- _The problem_:
Return, word for word, only the lines from the one containing "#12710 = EDGE_CURVE" through the last line of the entries.

:: Excerpted records ::

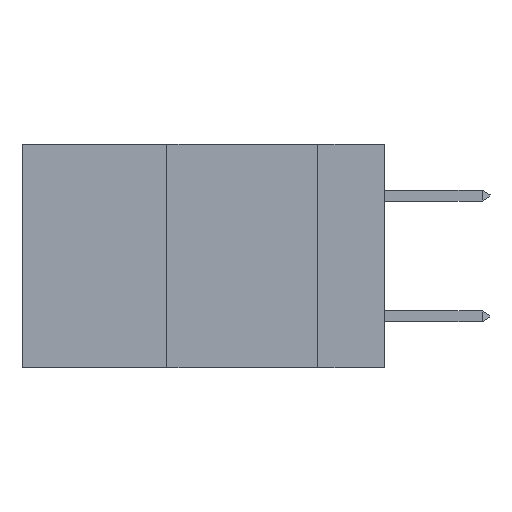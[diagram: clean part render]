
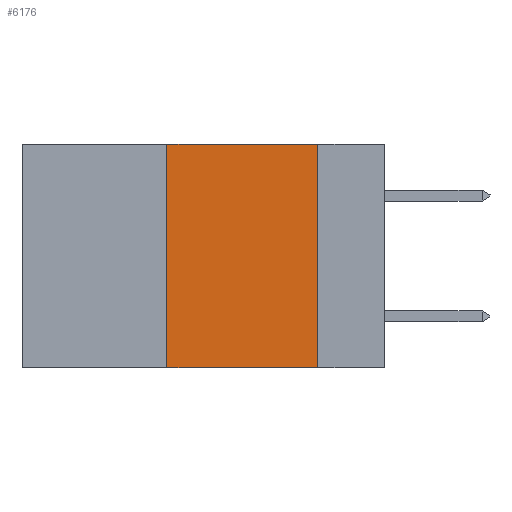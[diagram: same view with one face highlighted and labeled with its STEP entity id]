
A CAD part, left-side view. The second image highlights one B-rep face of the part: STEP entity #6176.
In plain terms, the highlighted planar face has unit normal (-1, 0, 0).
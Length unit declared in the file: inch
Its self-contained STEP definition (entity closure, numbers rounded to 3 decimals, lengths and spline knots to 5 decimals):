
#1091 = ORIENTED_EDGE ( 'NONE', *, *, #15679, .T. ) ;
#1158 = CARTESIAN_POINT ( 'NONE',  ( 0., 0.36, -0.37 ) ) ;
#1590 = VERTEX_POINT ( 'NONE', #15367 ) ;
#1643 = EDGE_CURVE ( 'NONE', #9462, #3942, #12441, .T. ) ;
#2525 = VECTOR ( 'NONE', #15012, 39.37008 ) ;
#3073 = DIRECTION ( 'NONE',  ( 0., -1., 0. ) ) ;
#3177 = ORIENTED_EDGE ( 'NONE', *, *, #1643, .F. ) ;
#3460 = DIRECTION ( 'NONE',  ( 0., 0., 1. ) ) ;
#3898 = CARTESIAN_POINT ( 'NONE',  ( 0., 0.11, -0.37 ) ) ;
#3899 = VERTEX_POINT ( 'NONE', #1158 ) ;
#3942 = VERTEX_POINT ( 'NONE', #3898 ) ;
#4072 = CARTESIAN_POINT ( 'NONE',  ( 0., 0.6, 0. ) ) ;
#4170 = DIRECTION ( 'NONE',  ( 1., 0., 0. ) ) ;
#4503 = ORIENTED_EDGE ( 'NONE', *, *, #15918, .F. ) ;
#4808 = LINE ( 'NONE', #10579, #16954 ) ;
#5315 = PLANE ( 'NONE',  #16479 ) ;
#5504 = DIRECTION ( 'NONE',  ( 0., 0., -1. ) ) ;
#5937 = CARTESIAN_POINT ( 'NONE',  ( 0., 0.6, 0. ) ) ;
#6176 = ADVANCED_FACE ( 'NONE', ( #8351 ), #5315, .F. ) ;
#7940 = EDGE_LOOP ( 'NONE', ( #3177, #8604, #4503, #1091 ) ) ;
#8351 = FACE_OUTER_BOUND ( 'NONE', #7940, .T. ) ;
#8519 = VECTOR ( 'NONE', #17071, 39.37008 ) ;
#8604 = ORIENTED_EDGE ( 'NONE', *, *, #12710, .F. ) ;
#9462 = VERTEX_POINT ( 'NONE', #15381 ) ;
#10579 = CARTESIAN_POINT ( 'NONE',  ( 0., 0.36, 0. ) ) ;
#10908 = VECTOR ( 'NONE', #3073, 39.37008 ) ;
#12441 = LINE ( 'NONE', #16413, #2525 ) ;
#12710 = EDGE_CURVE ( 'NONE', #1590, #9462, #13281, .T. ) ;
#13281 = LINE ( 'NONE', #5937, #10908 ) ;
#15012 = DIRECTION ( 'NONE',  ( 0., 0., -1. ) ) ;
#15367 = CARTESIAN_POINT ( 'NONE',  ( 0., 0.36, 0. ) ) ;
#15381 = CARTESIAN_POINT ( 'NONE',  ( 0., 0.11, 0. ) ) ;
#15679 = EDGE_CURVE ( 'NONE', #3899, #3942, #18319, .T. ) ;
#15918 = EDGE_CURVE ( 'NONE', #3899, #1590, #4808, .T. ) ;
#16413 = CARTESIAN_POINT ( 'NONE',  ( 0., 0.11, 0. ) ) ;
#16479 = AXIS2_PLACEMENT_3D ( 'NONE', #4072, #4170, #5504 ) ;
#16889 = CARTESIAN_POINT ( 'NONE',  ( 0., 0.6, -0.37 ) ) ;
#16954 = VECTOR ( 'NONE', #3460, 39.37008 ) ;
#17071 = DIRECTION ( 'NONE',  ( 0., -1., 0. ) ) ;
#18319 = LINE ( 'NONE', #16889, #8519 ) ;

:::

- _Solution to the exercise_:
#12710 = EDGE_CURVE ( 'NONE', #1590, #9462, #13281, .T. ) ;
#13281 = LINE ( 'NONE', #5937, #10908 ) ;
#15012 = DIRECTION ( 'NONE',  ( 0., 0., -1. ) ) ;
#15367 = CARTESIAN_POINT ( 'NONE',  ( 0., 0.36, 0. ) ) ;
#15381 = CARTESIAN_POINT ( 'NONE',  ( 0., 0.11, 0. ) ) ;
#15679 = EDGE_CURVE ( 'NONE', #3899, #3942, #18319, .T. ) ;
#15918 = EDGE_CURVE ( 'NONE', #3899, #1590, #4808, .T. ) ;
#16413 = CARTESIAN_POINT ( 'NONE',  ( 0., 0.11, 0. ) ) ;
#16479 = AXIS2_PLACEMENT_3D ( 'NONE', #4072, #4170, #5504 ) ;
#16889 = CARTESIAN_POINT ( 'NONE',  ( 0., 0.6, -0.37 ) ) ;
#16954 = VECTOR ( 'NONE', #3460, 39.37008 ) ;
#17071 = DIRECTION ( 'NONE',  ( 0., -1., 0. ) ) ;
#18319 = LINE ( 'NONE', #16889, #8519 ) ;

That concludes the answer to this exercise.